Jack Lew Sees No Evil: Treasury Fails To Name China as a Currency Manipulator for the 12th Time

The U.S. Treasury announced today, for the 12th time, that the Obama Administration has determined that neither China, nor any other “major trading partner of the United States met the standard of manipulating the rate of exchange between their currency and the United States dollar for purposes of preventing effective balance of payments adjustments or gaining unfair competitive advantage in international trade…”

This political document ignores the fact that China purchased $681 billion in total foreign exchange reserves between December 2012 and June 2014, and more than $2 trillion since this Administration took office. Currency manipulation by China and approximately 20 other countries has increased the U.S. trade deficit by $200 to $500 billion. Elimination of currency manipulation would create 2.3 million to 5.8 million U.S. jobs, without raising public spending at all (indeed, reducing the trade deficit through currency re-alignment would reduce the federal budget deficit).

Recent economic research has shown that purchases of Treasury bills and other foreign assets increases a country’s current account by between 60 and 100 cents for each dollar spent on foreign exchange reserve purchases. The Chinese Yuan (Renminbi) fell 1.3 percent against the U.S. dollar between December 2013 and October 10, 2014. Currency manipulation has flooded U.S. markets with cheap and unfairly priced products, and diminished US exports to China, as well as to third country markets where U.S. and Chinese goods compete. The U.S. goods trade deficit with China increased 4.1 percent through August 2014, compared to the same period last year, despite the growth slowdown in the U.S. economy. Japan, which also has a history of currency manipulation, has allowed its currency to fall 27 percent in the past two years. The U.S. goods trade deficit with Japan is the second largest amount our trading partners.

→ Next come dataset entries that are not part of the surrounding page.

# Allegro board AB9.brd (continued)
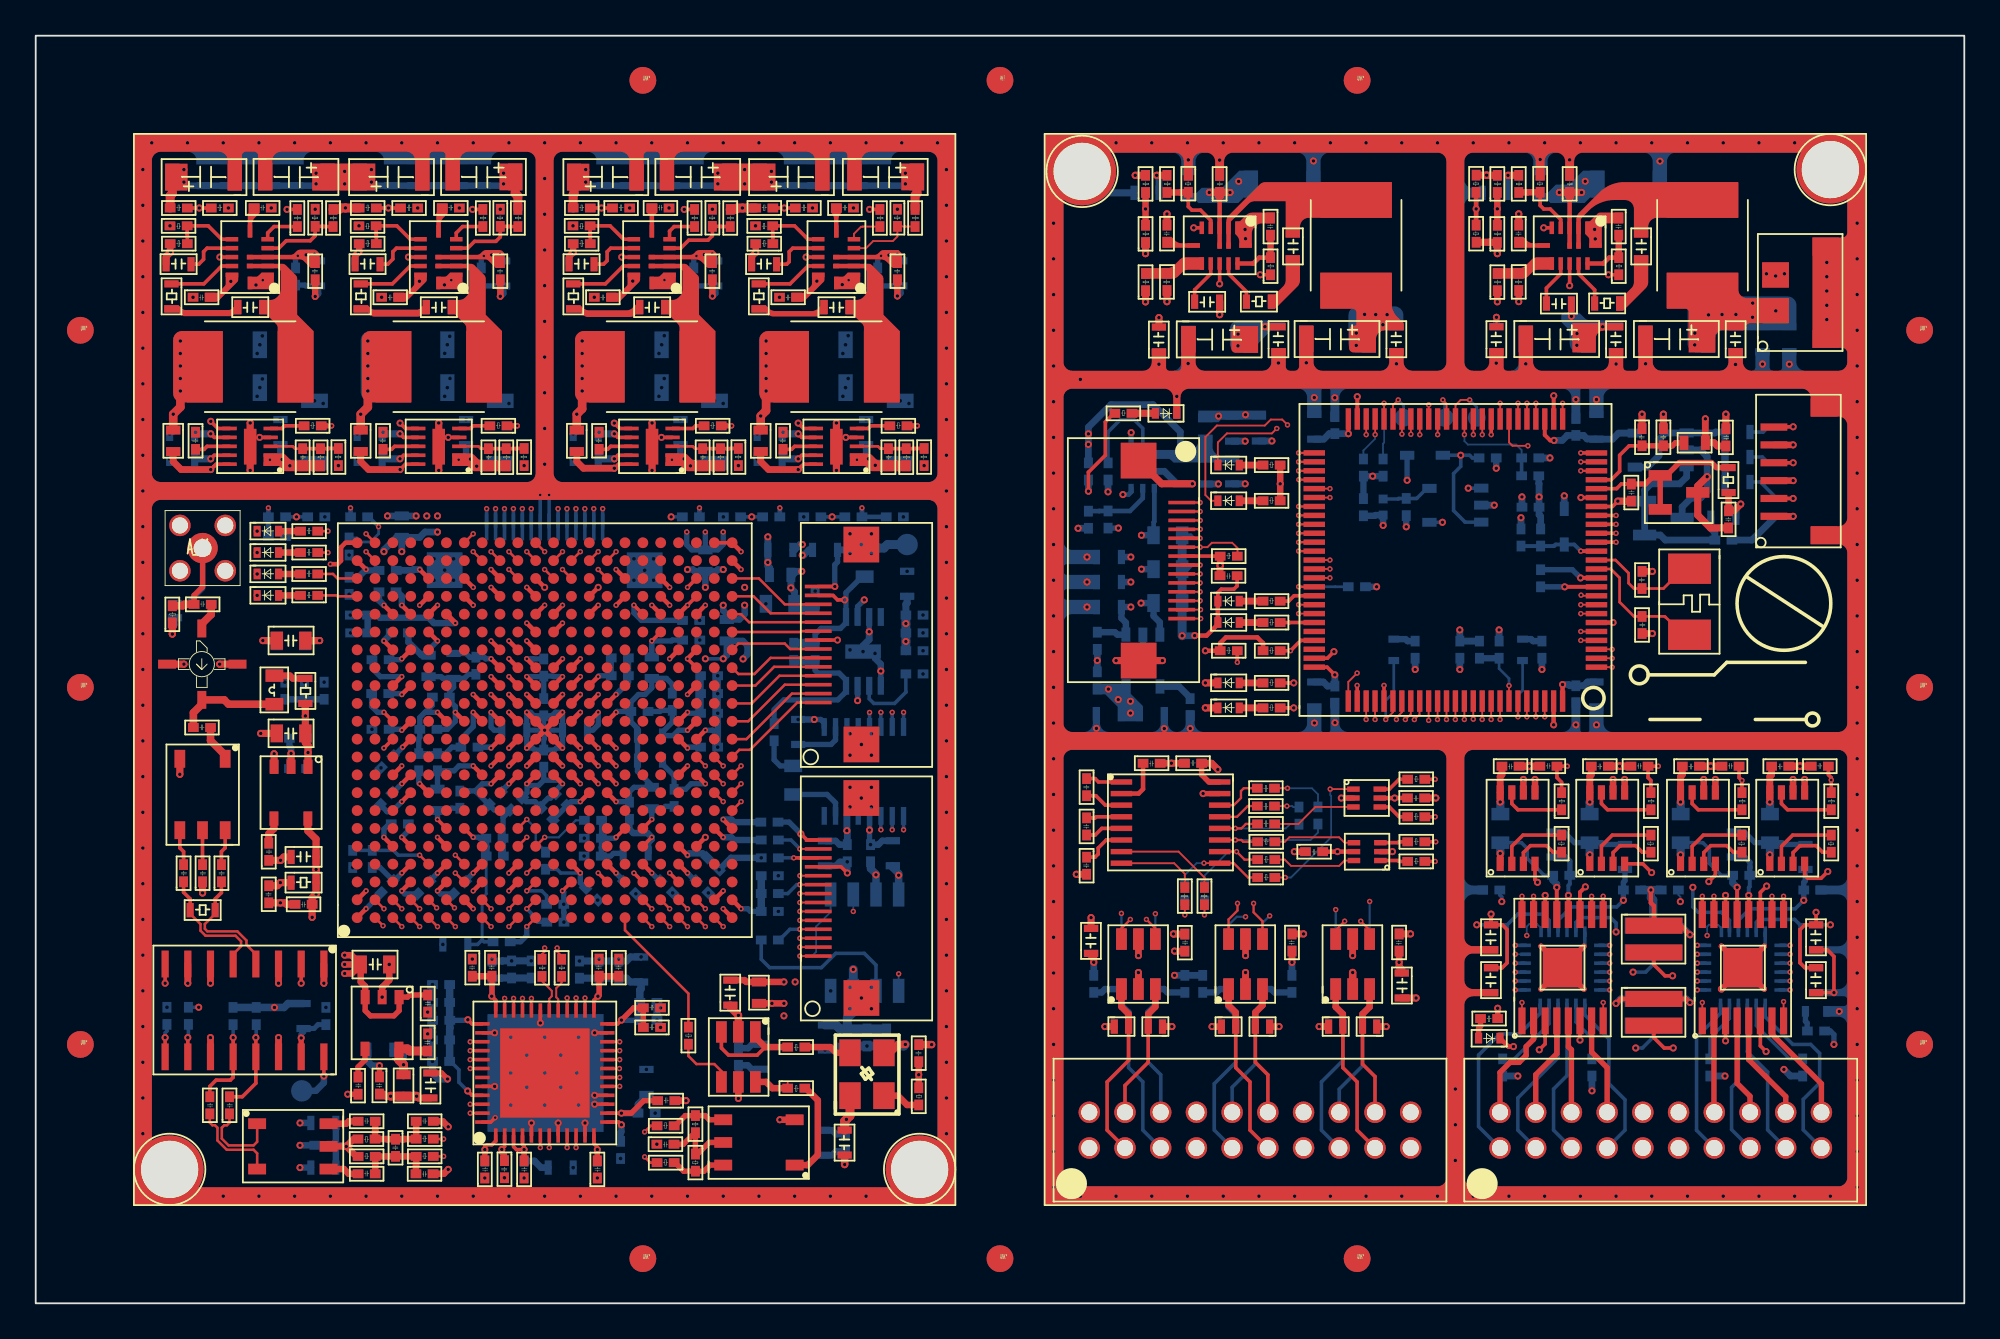
[diagram p0: board, top side]
## Routing (per net, layer and track width the routed paths; a pad name or vN(x,y) marks a point on that pad's centre or on a via; arc(x,y) is an arc through that point) (continued)
A_N8196950: length 9.6
  TOP w0.2: A_R9.2 v2(14.07,61.27)
  SIGNAL-L4 w0.2: v2(10.93,57.24) 10.08,57.24 9.55,57.77 9.55,60.18 10.15,60.79 13.59,60.79 v2(14.07,61.27)
A_N8196956: length 2.2
  TOP w0.2: A_U1.5 12.99,59.95 13.35,60.31 A_R9.1
A_N8197004: length 3.8
  TOP w0.2: A_R29.1 9.41,57.1 10.41,58.1 A_U1.10
A_N8197022: length 2.9
  TOP w0.2: A_C13.2 9.13,58.2 9.4,58.47 9.4,58.9 9.6,59.1 A_U1.8
A_N8197032: length 3.8
  TOP w0.2: A_U1.7 10.41,59.6 9.66,60.35 A_R21.2 8.48,59.87 8.49,59.86 A_R25.1
A_N8197074: length 3.8
  TOP w0.2: A_U2.10 20.97,58.1 19.97,57.1 A_R30.1
A_N8197146: length 4.3
  TOP w0.2: A_U2.4 24.2,59.1 24.58,59.48 25.77,59.48 26.02,59.73 A_R13.2 26.49,60.32 26.5,60.31 A_R14.1
A_N8197148: length 5.5
  TOP w0.2: v2(20.87,58.6) A_U2.9 ; A_R4.2 v2(19.75,61.35) A_R3.1
  SIGNAL-L3 w0.2: v2(20.87,58.6) 20.45,58.6 19.75,59.29 v2(19.75,61.35)
A_N8197154: length 2.9
  TOP w0.2: A_C14.2 19.71,58.2 20,58.49 20,58.9 20.2,59.1 A_U2.8
A_N8197166: length 3.8
  TOP w0.2: A_R26.1 19.07,59.86 19.06,59.87 A_R22.2 20.22,60.35 20.97,59.6 A_U2.7
A_N8197176: length 9.3
  TOP w0.2: A_R12.2 v2(24.46,61.27)
  SIGNAL-L4 w0.2: v2(21.49,57.25) 20.69,57.25 20.18,57.77 20.18,60.28 20.67,60.78 23.97,60.78 v2(24.46,61.27)
A_N8197194: length 2
  TOP w0.2: A_U2.5 23.55,59.95 23.91,60.31 A_R12.1
A_N8197218: length 3.8
  TOP w0.2: A_R31.1 31.9,57.1 32.9,58.1 33.5,58.1
A_N8197290: length 4.2
  TOP w0.2: A_R17.1 38.38,60.31 38.37,60.32 A_R16.2 37.89,59.79 37.65,59.55 36.57,59.55 36.12,59.1 35.5,59.1
A_N8197292: length 5.4
  TOP w0.2: 33.5,58.6 v2(32.82,58.6) ; A_R6.2 v2(31.68,61.35) A_R5.1
  SIGNAL-L3 w0.2: v2(32.82,58.6) 32.37,58.6 31.68,59.29 v2(31.68,61.35)
A_N8197298: length 2.9
  TOP w0.2: A_C15.2 31.8,58.2 32,58.4 32,58.9 32.2,59.1 33.5,59.1
A_N8197310: length 3.8
  TOP w0.2: A_R27.1 31.06,59.86 31.05,59.87 A_R23.2 32.17,60.35 32.92,59.6 33.5,59.6
A_N8197320: length 9.3
  TOP w0.2: A_R15.2 v2(36.32,61.27)
  SIGNAL-L4 w0.2: v2(36.32,61.27) 35.83,60.78 32.88,60.78 31.99,59.9 31.99,57.66 32.4,57.26 v2(33.44,57.26)
A_N8197338: length 2
  TOP w0.2: 35.5,59.6 35.5,60.05 35.75,60.31 A_R15.1
A_N8197362: length 3.7
  TOP w0.2: A_R32.1 42.24,57.1 43.24,58.1 A_U4.10
A_N8197434: length 4.3
  TOP w0.1: A_U4.4 46.5,59.1 46.9,59.5 48,59.5 48.26,59.76 A_R19.2 48.68,60.32 48.69,60.31 A_R20.1
A_N8197436: length 5.5
  TOP w0.2: A_U4.9 v2(43.14,58.6) ; 42.54,61.35 v2(41.92,61.35) A_R7.1
  SIGNAL-L3 w0.2: v2(43.14,58.6) 42.72,58.6 42.71,58.6 42.6,58.6 41.92,59.28 v2(41.92,61.35)
A_N8197442: length 3
  TOP w0.2: A_C16.2 42.05,58.2 42.2,58.34 42.2,58.9 42.4,59.1 A_U4.8
A_N8197454: length 3.9
  TOP w0.2: A_R28.1 41.28,59.83 41.27,59.84 A_R24.2 42.49,60.35 43.24,59.6 A_U4.7
A_N8197464: length 9.5
  TOP w0.2: A_R18.2 v2(46.7,61.27)
  SIGNAL-L4 w0.2: v2(43.75,57.25) 42.89,57.25 42.23,57.91 42.23,60.14 42.85,60.76 46.19,60.76 v2(46.7,61.27)
A_N8197482: length 1.9
  TOP w0.1: A_U4.5 45.82,59.9 46.22,60.3 46.3,60.3 46.31,60.31 A_R18.1
A_N9038018: length 1.2
  TOP w0.36: A_D4.2 A_R48.2
A_N9064761: length 1.9
  TOP w0.2: A_U8.8 42.5,48 42.33,47.83 A_C32.2
A_N9066094: length 3.8
  TOP w0.15: A_C36.2 47.3,47.87 47.17,48 A_U8.3
  TOP w0.2: A_C36.2 A_R43.2 49.18,47.87 49.19,47.88 A_R44.1
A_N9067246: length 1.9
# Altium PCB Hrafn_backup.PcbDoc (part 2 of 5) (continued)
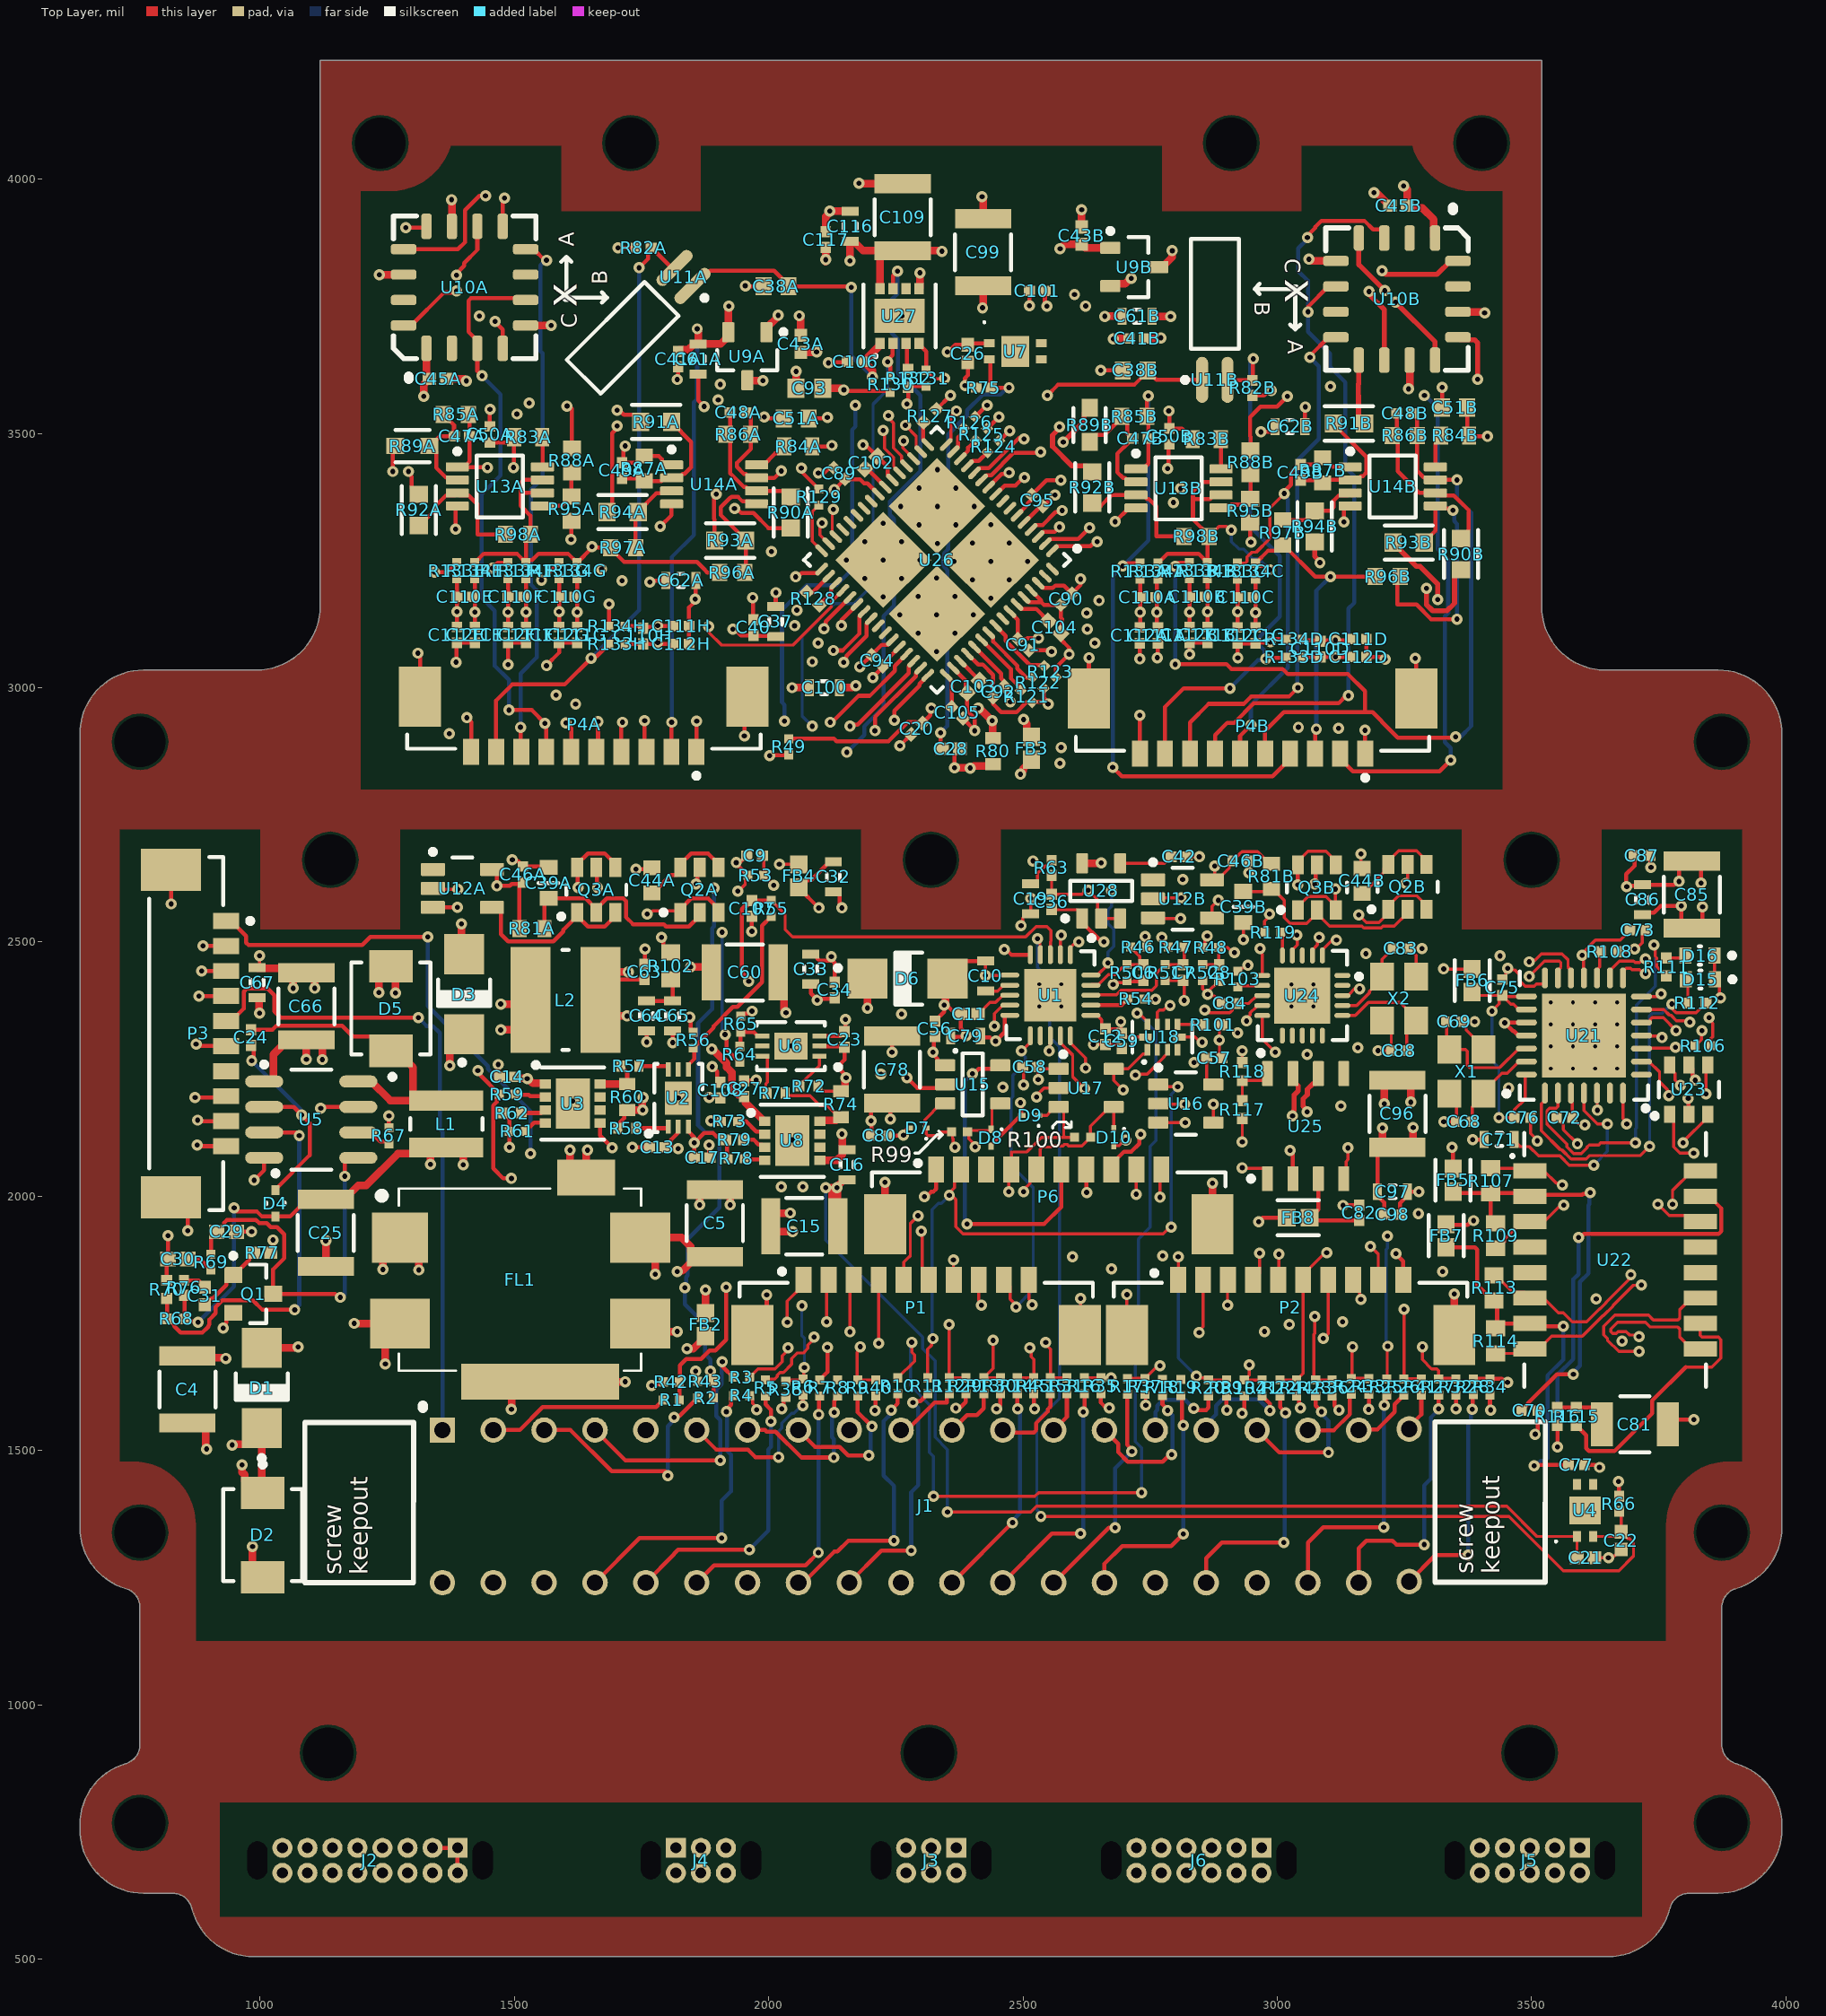
[diagram p0: Top Layer view]
## Part data (continued)
L2: library part CMP-0227-00320-1, "SMD Shielded Tiny Power Inductor WE-TPC, L = 0.47 µH", Inductance="0.47 µH", ComponentLink1Description="Manufacturer Link", ComponentLink1URL=http://www.we-online.com, ComponentLink2Description=Datasheet, ComponentLink2URL=http://www.we-online.de/katalog/media/pdf/74404300047.pdf, DatasheetVersion="ver 6, Aug-2010", PackageDescription="SMD Inductor, 2-Leads, Body 4.8 x 4.8 mm", PackageReference=WE-TPC-4828-MH, PackageVersion=2010
P1 P2 P3 P4A P4B P6: library part CMP-2000-05635-1, "Male Header, Pitch 1.25 mm, 1 x 10 Position, Height 4.7 mm, -40 to 85 degC, RoHS, Tape and Reel", Current Rating=1A, Manufacturer=Molex, Package Description="Male Header, Pitch 1.25 mm, 1 x 10 Position, Height 4.7 mm", Voltage Rating=125V, Brand=Molex, Contact Gender=Pin(Male), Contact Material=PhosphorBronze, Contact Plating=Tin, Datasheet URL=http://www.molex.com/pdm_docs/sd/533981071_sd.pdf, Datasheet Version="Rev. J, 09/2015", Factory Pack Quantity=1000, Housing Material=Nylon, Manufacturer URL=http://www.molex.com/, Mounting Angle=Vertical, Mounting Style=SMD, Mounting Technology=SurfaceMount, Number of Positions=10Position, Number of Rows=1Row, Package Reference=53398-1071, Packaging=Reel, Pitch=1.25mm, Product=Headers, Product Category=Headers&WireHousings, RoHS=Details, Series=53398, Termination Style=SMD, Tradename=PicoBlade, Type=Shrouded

Ending currency manipulation is the single most effective policy option available for creating millions of U.S. jobs and closing the remaining U.S. jobs gap caused by the Great Recession. Congress can help, by passing pending legislation (HR 1276 and S114) that would allow the Commerce Department to treat currency manipulation as a subsidy in countervailing duty trade cases. In addition, the President and Federal agencies possess the tools needed to end currency manipulation with the stroke of a pen. The Treasury and Federal Reserve have the authority needed to offset purchase of foreign assets by foreign governments by engaging in countervailing currency intervention. By taking these steps, the U.S. government could make efforts by foreign governments to manipulate their currencies costly and/or ineffective.

But the place to start is by facing the facts. It is time for Secretary Lew to end the charade and declare that China is a currency manipulator. Ignoring this obvious fact was counterproductive long before the Obama administration took office. We have much to gain by recognizing the problem and confronting China directly, and the time for action is long past due.


  • hansenabcd

    It is also high time that we faced the fact that the US Government, like China, is a major currency manipulator. By selling Treasuries without limit to China and similar countries, it is encouraging the inflow of foreign capital that drives up the price of our dollar.
    Over the past 40 years, the share of US government debt owned by foreigners has risen from about five percent to about fifty percent — one of the reasons that we are now the world’s largest debtor .
    It is distressing that our own government, through its action and inaction, would drive production and jobs from our shores to foreign countries.
    The solution is as simple as Econ 101. The global demand for US assets clearly exceeds the supply. As we learned in basic economics, when this happens, the price goes up.
    The price of assets on Wall Street goes up, leading to bubbles and crashes. The price of the dollar goes up, making it hard for US workers and businesses to compete against imports or in global export markets.
    Instead of waiting for politicians to make the apparently impossible decision to officially label China as a “currency manipulator,” why not do what is done so widely elsewhere when demand exceeds supply — simply raise the price.

    America could easily impose a modest “market entry fee” on incoming foreign capital whenever the dollar is significantly overvalued as indicated by a trade deficit exceeding say one percent of GDP. This would reduce the demand for US assets, thereby reducing upward pressures on the US dollar. In turn, US workers and businesses would once again be internationally competitive.
    If a market entry fee didn’t fully do the trick — and it might not for countries like China that are investing in US assets, not for yield but for commercial advantage in international trade — the US government could simply restrict the sale of Treasuries and apply a special tax on holdings and yields of such instruments.
    We have it within our power to create a more competitive dollar under existing US and international law. With a more competitive dollar, Americans could once again earn as much producing exports as they spend on imports, unemployment rates would drop, and with increasing labor market pressures, wages would rise to more decent levels.